Sunday 24 October 2010

Trends

The new edition of the Journal of Official Statistics has just been released. The first paper is by Sharon Lohr, author of the well known sampling book Sampling: Design and Analysis which I still did not read to tell the truth. The paper is not technical, it is rather an article that surveys the program currently offered in courses of statistics in US and how statisticians should learn sampling theory.

I knew that sampling is not a course highly rated in importance in Universities in Brazil and I did not expect it to be different in US. I am familiar with the difficulties encountered on finding a professor that is willing to advise you if you want to do a master or phD related to sampling theory. All that contradicts the importance that sampling has in our (statisticians) day to day work and I think that the consequences are that many of us overlook the sampling part of whichever data we are analyzing. But that is not really the point I want to talk about here.

Back in the 80s, when I did not even knew what statistics was all about, I had an excellent literature teacher who once said "The history of literature is made of trends. A period is characterized by rational literature, the next is subjective, emotional, the next is rational again and so on until the current period...". Well, I am not sure this was exactly what she said since it was a long time ago, but Lohr's paper made me think about these interchanges in the context of sampling.

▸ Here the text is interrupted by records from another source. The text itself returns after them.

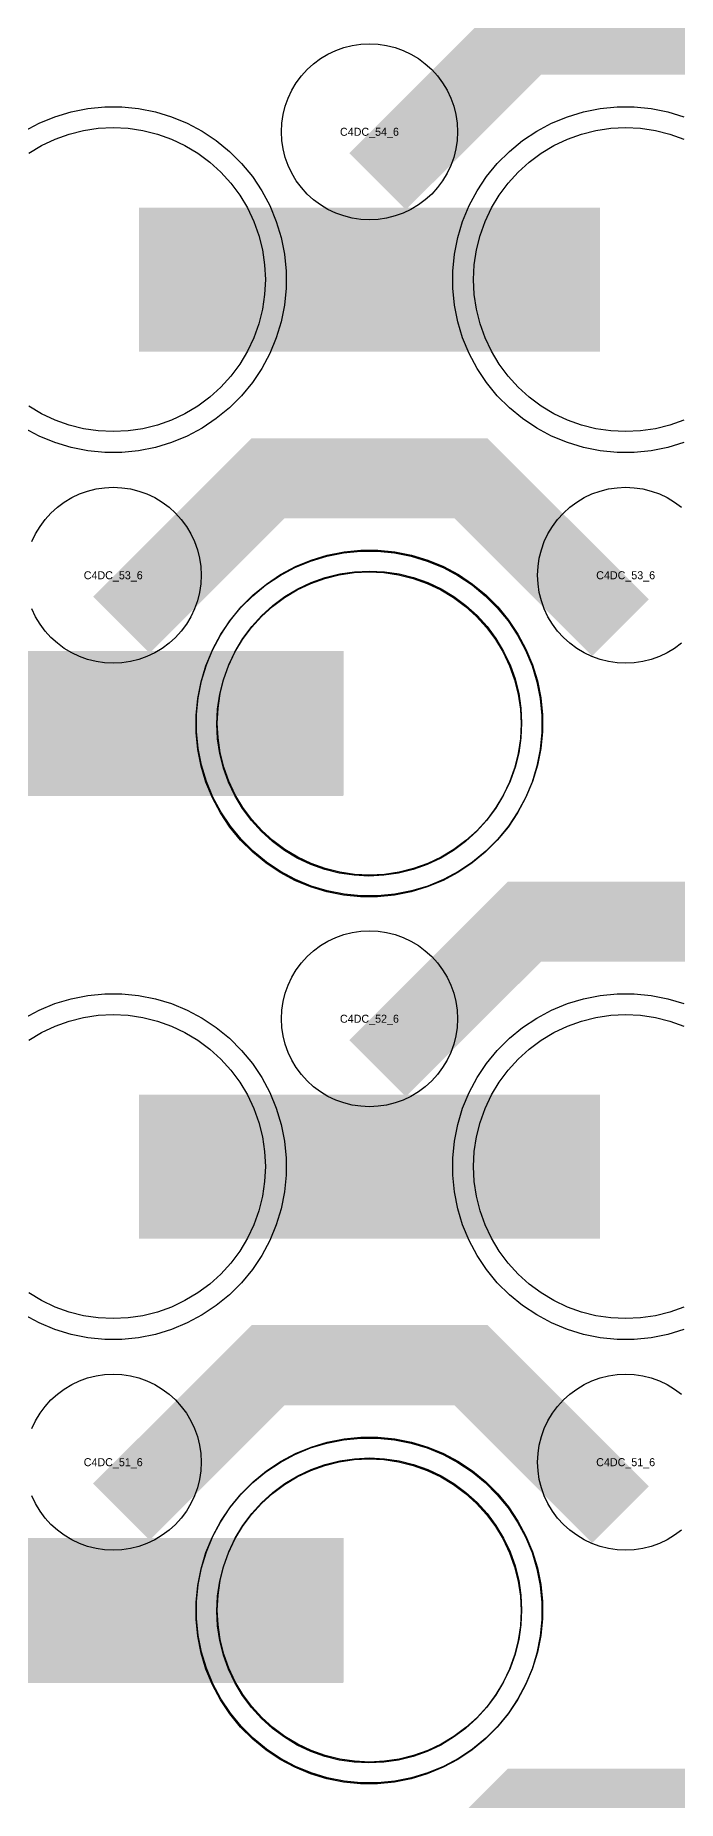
# Model space of a CAD drawing. Extents: x -11880 to 11880, y -14992 to 14992.
# Drawn here: x -10104 to -9904, y -7832 to -7281 of the extents above; entities that cross this region are included whole.
import ezdxf
from ezdxf.enums import TextEntityAlignment as Align

# ---------------------------------------------------------------- set-up
doc = ezdxf.new("R2010")
doc.units = 0
doc.header["$MEASUREMENT"] = 0
for name, color, linetype in [('GDS_775_DT_237', 138, 'CONTINUOUS'), ('RDL1_FS', 34, 'CONTINUOUS'), ('RDL_BS', 160, 'CONTINUOUS')]:
    doc.layers.add(name, color=color, linetype=linetype)

msp = doc.modelspace()

# ---------------------------------------------------------------- linework, layer by layer
at = {"layer": 'RDL1_FS'}
for points in [[(-10106.395, -7317.603), (-10102.395, -7315.205), (-10098.181, -7313.213), (-10093.791, -7311.641), (-10089.268, -7310.509), (-10084.657, -7309.825), (-10080, -7309.596), (-10075.343, -7309.825), (-10070.732, -7310.509), (-10066.209, -7311.641), (-10061.819, -7313.213), (-10057.605, -7315.205), (-10053.605, -7317.603), (-10049.86, -7320.381), (-10046.406, -7323.511), (-10043.276, -7326.965), (-10040.498, -7330.71), (-10038.1, -7334.71), (-10036.108, -7338.924), (-10034.536, -7343.314), (-10033.404, -7347.837), (-10032.72, -7352.448), (-10032.491, -7357.105), (-10032.72, -7361.762), (-10033.404, -7366.373), (-10034.536, -7370.896), (-10036.108, -7375.286), (-10038.1, -7379.5), (-10040.498, -7383.5), (-10043.276, -7387.245), (-10046.406, -7390.699), (-10049.86, -7393.829), (-10053.605, -7396.607), (-10057.605, -7399.005), (-10061.819, -7400.997), (-10066.209, -7402.569), (-10070.732, -7403.701), (-10075.343, -7404.385), (-10080, -7404.614), (-10084.657, -7404.385), (-10089.268, -7403.701), (-10093.791, -7402.569), (-10098.181, -7400.997), (-10102.395, -7399.005), (-10106.395, -7396.607)], [(-9901.819, -7400.997), (-9906.209, -7402.569), (-9910.732, -7403.701), (-9915.343, -7404.385), (-9920, -7404.614), (-9924.657, -7404.385), (-9929.268, -7403.701), (-9933.791, -7402.569), (-9938.181, -7400.997), (-9942.395, -7399.005), (-9946.395, -7396.607), (-9950.14, -7393.829), (-9953.594, -7390.699), (-9956.724, -7387.245), (-9959.502, -7383.5), (-9961.9, -7379.5), (-9963.892, -7375.286), (-9965.464, -7370.896), (-9966.596, -7366.373), (-9967.28, -7361.762), (-9967.509, -7357.105), (-9967.28, -7352.448), (-9966.596, -7347.837), (-9965.464, -7343.314), (-9963.892, -7338.924), (-9961.9, -7334.71), (-9959.502, -7330.71), (-9956.724, -7326.965), (-9953.594, -7323.511), (-9950.14, -7320.381), (-9946.395, -7317.603), (-9942.395, -7315.205), (-9938.181, -7313.213), (-9933.791, -7311.641), (-9929.268, -7310.509), (-9924.657, -7309.825), (-9920, -7309.596), (-9915.343, -7309.825), (-9910.732, -7310.509), (-9906.209, -7311.641), (-9901.819, -7313.213)], [(-10106.395, -7594.733), (-10102.395, -7592.335), (-10098.181, -7590.343), (-10093.791, -7588.771), (-10089.268, -7587.639), (-10084.657, -7586.955), (-10080, -7586.726), (-10075.343, -7586.955), (-10070.732, -7587.639), (-10066.209, -7588.771), (-10061.819, -7590.343), (-10057.605, -7592.335), (-10053.605, -7594.733), (-10049.86, -7597.511), (-10046.406, -7600.641), (-10043.276, -7604.095), (-10040.498, -7607.84), (-10038.1, -7611.84), (-10036.108, -7616.054), (-10034.536, -7620.444), (-10033.404, -7624.967), (-10032.72, -7629.578), (-10032.491, -7634.235), (-10032.72, -7638.892), (-10033.404, -7643.503), (-10034.536, -7648.026), (-10036.108, -7652.416), (-10038.1, -7656.63), (-10040.498, -7660.63), (-10043.276, -7664.375), (-10046.406, -7667.829), (-10049.86, -7670.959), (-10053.605, -7673.737), (-10057.605, -7676.135), (-10061.819, -7678.127), (-10066.209, -7679.699), (-10070.732, -7680.831), (-10075.343, -7681.515), (-10080, -7681.744), (-10084.657, -7681.515), (-10089.268, -7680.831), (-10093.791, -7679.699), (-10098.181, -7678.127), (-10102.395, -7676.135), (-10106.395, -7673.737)], [(-9901.819, -7678.127), (-9906.209, -7679.699), (-9910.732, -7680.831), (-9915.343, -7681.515), (-9920, -7681.744), (-9924.657, -7681.515), (-9929.268, -7680.831), (-9933.791, -7679.699), (-9938.181, -7678.127), (-9942.395, -7676.135), (-9946.395, -7673.737), (-9950.14, -7670.959), (-9953.594, -7667.829), (-9956.724, -7664.375), (-9959.502, -7660.63), (-9961.9, -7656.63), (-9963.892, -7652.416), (-9965.464, -7648.026), (-9966.596, -7643.503), (-9967.28, -7638.892), (-9967.509, -7634.235), (-9967.28, -7629.578), (-9966.596, -7624.967), (-9965.464, -7620.444), (-9963.892, -7616.054), (-9961.9, -7611.84), (-9959.502, -7607.84), (-9956.724, -7604.095), (-9953.594, -7600.641), (-9950.14, -7597.511), (-9946.395, -7594.733), (-9942.395, -7592.335), (-9938.181, -7590.343), (-9933.791, -7588.771), (-9929.268, -7587.639), (-9924.657, -7586.955), (-9920, -7586.726), (-9915.343, -7586.955), (-9910.732, -7587.639), (-9906.209, -7588.771), (-9901.819, -7590.343)]]:
    msp.add_lwpolyline(points, dxfattribs=at)
for points in [[(-10071.998, -7357.105, 45, 45, 0), (-9999.998, -7357.105, 45, 45, 0)], [(-9999.998, -7357.105, 45, 45, 0), (-9927.998, -7357.105, 45, 45, 0)], [(-10151.998, -7495.67, 45, 45, 0), (-10079.998, -7495.67, 45, 45, 0)], [(-10079.998, -7495.67, 45, 45, 0), (-10007.998, -7495.67, 45, 45, 0)], [(-10071.998, -7634.235, 45, 45, 0), (-9999.998, -7634.235, 45, 45, 0)], [(-9999.998, -7634.235, 45, 45, 0), (-9927.998, -7634.235, 45, 45, 0)], [(-10151.998, -7772.795, 45, 45, 0), (-10079.998, -7772.795, 45, 45, 0)], [(-10079.998, -7772.795, 45, 45, 0), (-10007.998, -7772.795, 45, 45, 0)]]:
    msp.add_lwpolyline(points, format="xyseb", dxfattribs=at)
at = {"layer": 'RDL1_FS', "color": 241, "true_color": 0xf7abae}
for points in [[(-10000.149, -7543.461), (-10004.806, -7543.232), (-10009.417, -7542.548), (-10013.94, -7541.416), (-10018.33, -7539.844), (-10022.544, -7537.852), (-10026.544, -7535.454), (-10030.289, -7532.676), (-10033.743, -7529.546), (-10036.873, -7526.092), (-10039.651, -7522.347), (-10042.049, -7518.347), (-10044.041, -7514.133), (-10045.613, -7509.743), (-10046.745, -7505.22), (-10047.429, -7500.609), (-10047.658, -7495.952), (-10047.429, -7491.295), (-10046.745, -7486.684), (-10045.613, -7482.161), (-10044.041, -7477.771), (-10042.049, -7473.557), (-10039.651, -7469.557), (-10036.873, -7465.812), (-10033.743, -7462.358), (-10030.289, -7459.228), (-10026.544, -7456.45), (-10022.544, -7454.052), (-10018.33, -7452.06), (-10013.94, -7450.488), (-10009.417, -7449.356), (-10004.806, -7448.672), (-10000.149, -7448.443), (-9995.492, -7448.672), (-9990.881, -7449.356), (-9986.358, -7450.488), (-9981.968, -7452.06), (-9977.754, -7454.052), (-9973.754, -7456.45), (-9970.009, -7459.228), (-9966.555, -7462.358), (-9963.425, -7465.812), (-9960.647, -7469.557), (-9958.249, -7473.557), (-9956.257, -7477.771), (-9954.685, -7482.161), (-9953.553, -7486.684), (-9952.869, -7491.295), (-9952.64, -7495.952), (-9952.869, -7500.609), (-9953.553, -7505.22), (-9954.685, -7509.743), (-9956.257, -7514.133), (-9958.249, -7518.347), (-9960.647, -7522.347), (-9963.425, -7526.092), (-9966.555, -7529.546), (-9970.009, -7532.676), (-9973.754, -7535.454), (-9977.754, -7537.852), (-9981.968, -7539.844), (-9986.358, -7541.416), (-9990.881, -7542.548), (-9995.492, -7543.232)], [(-10000.149, -7820.586), (-10004.806, -7820.357), (-10009.417, -7819.673), (-10013.94, -7818.541), (-10018.33, -7816.969), (-10022.544, -7814.977), (-10026.544, -7812.579), (-10030.289, -7809.801), (-10033.743, -7806.671), (-10036.873, -7803.217), (-10039.651, -7799.472), (-10042.049, -7795.472), (-10044.041, -7791.258), (-10045.613, -7786.868), (-10046.745, -7782.345), (-10047.429, -7777.734), (-10047.658, -7773.077), (-10047.429, -7768.42), (-10046.745, -7763.809), (-10045.613, -7759.286), (-10044.041, -7754.896), (-10042.049, -7750.682), (-10039.651, -7746.682), (-10036.873, -7742.937), (-10033.743, -7739.483), (-10030.289, -7736.353), (-10026.544, -7733.575), (-10022.544, -7731.177), (-10018.33, -7729.185), (-10013.94, -7727.613), (-10009.417, -7726.481), (-10004.806, -7725.797), (-10000.149, -7725.568), (-9995.492, -7725.797), (-9990.881, -7726.481), (-9986.358, -7727.613), (-9981.968, -7729.185), (-9977.754, -7731.177), (-9973.754, -7733.575), (-9970.009, -7736.353), (-9966.555, -7739.483), (-9963.425, -7742.937), (-9960.647, -7746.682), (-9958.249, -7750.682), (-9956.257, -7754.896), (-9954.685, -7759.286), (-9953.553, -7763.809), (-9952.869, -7768.42), (-9952.64, -7773.077), (-9952.869, -7777.734), (-9953.553, -7782.345), (-9954.685, -7786.868), (-9956.257, -7791.258), (-9958.249, -7795.472), (-9960.647, -7799.472), (-9963.425, -7803.217), (-9966.555, -7806.671), (-9970.009, -7809.801), (-9973.754, -7812.579), (-9977.754, -7814.977), (-9981.968, -7816.969), (-9986.358, -7818.541), (-9990.881, -7819.673), (-9995.492, -7820.357)]]:
    msp.add_lwpolyline(points, close=True, dxfattribs=at)
at = {"layer": 'RDL1_FS'}
for points in [[(-10000, -7543.179), (-10004.657, -7542.95), (-10009.268, -7542.266), (-10013.791, -7541.134), (-10018.181, -7539.562), (-10022.395, -7537.57), (-10026.395, -7535.172), (-10030.14, -7532.394), (-10033.594, -7529.264), (-10036.724, -7525.81), (-10039.502, -7522.065), (-10041.9, -7518.065), (-10043.892, -7513.851), (-10045.464, -7509.461), (-10046.596, -7504.938), (-10047.28, -7500.327), (-10047.509, -7495.67), (-10047.28, -7491.013), (-10046.596, -7486.402), (-10045.464, -7481.879), (-10043.892, -7477.489), (-10041.9, -7473.275), (-10039.502, -7469.275), (-10036.724, -7465.53), (-10033.594, -7462.076), (-10030.14, -7458.946), (-10026.395, -7456.168), (-10022.395, -7453.77), (-10018.181, -7451.778), (-10013.791, -7450.206), (-10009.268, -7449.074), (-10004.657, -7448.39), (-10000, -7448.161), (-9995.343, -7448.39), (-9990.732, -7449.074), (-9986.209, -7450.206), (-9981.819, -7451.778), (-9977.605, -7453.77), (-9973.605, -7456.168), (-9969.86, -7458.946), (-9966.406, -7462.076), (-9963.276, -7465.53), (-9960.498, -7469.275), (-9958.1, -7473.275), (-9956.108, -7477.489), (-9954.536, -7481.879), (-9953.404, -7486.402), (-9952.72, -7491.013), (-9952.491, -7495.67), (-9952.72, -7500.327), (-9953.404, -7504.938), (-9954.536, -7509.461), (-9956.108, -7513.851), (-9958.1, -7518.065), (-9960.498, -7522.065), (-9963.276, -7525.81), (-9966.406, -7529.264), (-9969.86, -7532.394), (-9973.605, -7535.172), (-9977.605, -7537.57), (-9981.819, -7539.562), (-9986.209, -7541.134), (-9990.732, -7542.266), (-9995.343, -7542.95)], [(-10000, -7820.304), (-10004.657, -7820.075), (-10009.268, -7819.391), (-10013.791, -7818.259), (-10018.181, -7816.687), (-10022.395, -7814.695), (-10026.395, -7812.297), (-10030.14, -7809.519), (-10033.594, -7806.389), (-10036.724, -7802.935), (-10039.502, -7799.19), (-10041.9, -7795.19), (-10043.892, -7790.976), (-10045.464, -7786.586), (-10046.596, -7782.063), (-10047.28, -7777.452), (-10047.509, -7772.795), (-10047.28, -7768.138), (-10046.596, -7763.527), (-10045.464, -7759.004), (-10043.892, -7754.614), (-10041.9, -7750.4), (-10039.502, -7746.4), (-10036.724, -7742.655), (-10033.594, -7739.201), (-10030.14, -7736.071), (-10026.395, -7733.293), (-10022.395, -7730.895), (-10018.181, -7728.903), (-10013.791, -7727.331), (-10009.268, -7726.199), (-10004.657, -7725.515), (-10000, -7725.286), (-9995.343, -7725.515), (-9990.732, -7726.199), (-9986.209, -7727.331), (-9981.819, -7728.903), (-9977.605, -7730.895), (-9973.605, -7733.293), (-9969.86, -7736.071), (-9966.406, -7739.201), (-9963.276, -7742.655), (-9960.498, -7746.4), (-9958.1, -7750.4), (-9956.108, -7754.614), (-9954.536, -7759.004), (-9953.404, -7763.527), (-9952.72, -7768.138), (-9952.491, -7772.795), (-9952.72, -7777.452), (-9953.404, -7782.063), (-9954.536, -7786.586), (-9956.108, -7790.976), (-9958.1, -7795.19), (-9960.498, -7799.19), (-9963.276, -7802.935), (-9966.406, -7806.389), (-9969.86, -7809.519), (-9973.605, -7812.297), (-9977.605, -7814.695), (-9981.819, -7816.687), (-9986.209, -7818.259), (-9990.732, -7819.391), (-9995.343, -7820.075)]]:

Before the 1930's sampling was done only by convenience. Then probabilistic sample theory was introduced under lots of skepticism. It was really hard to believe a random sample could give better results than a convenience sample. How would a random sample make sure not everybody in the sample supports one candidate? Or the correct age distribution? Lrhs says the book Sample Survey Methods and Theory by Hansen, Hurwitz, and Madow (1953) had a great influence on the introduction of probability sampling in practical work. The book (actually two volumes) is well coted still today and is in my wish list. 

I guess we can say probability sampling dominated the sampling theory and its practice until a while ago, when the internet came into play. As for now the internet is not suitable for probability samples but despite of that its ease and cheapness has overtaken the reliability offered be the sampling theory. Definitely internet based sampling is taking us back to the convenience sampling, which does not necessarily means that we are going backwards.  The challenge to me is to adapt ourselves to the new reality.

We still have many statisticians putting themselves against non probabilistic sample. But what are the instances where we can have a truly probability sample if the target are human beings? Even official institutions, that have a good budgets to spend on sampling, have trouble with high non response rates. In the business world the probability sample has rarely happened and it might become even worst. Still surveys are more and more popular. In the business world you just don't have work if you refuses to work with non probability samples. We need to understand how to get more reliable results from internet surveys, how build models that correct possible biases, how to interpret and release results for which precision is hard to grasp without misleading the user of the information. I think right now we are doing a very poor job on this regard, at least most of us, because the lack of theory and knowledge about non probability sampling has lead to the use of probability sampling theory for non probability sample. The assumptions needed for this practice is rarely understood.

We are in a new age where so much information are available online and at so low cost. We just cant afford to ignore it because it comes from methods not recognized by statistical theory, rather we need to accept the challenge of making the information useful.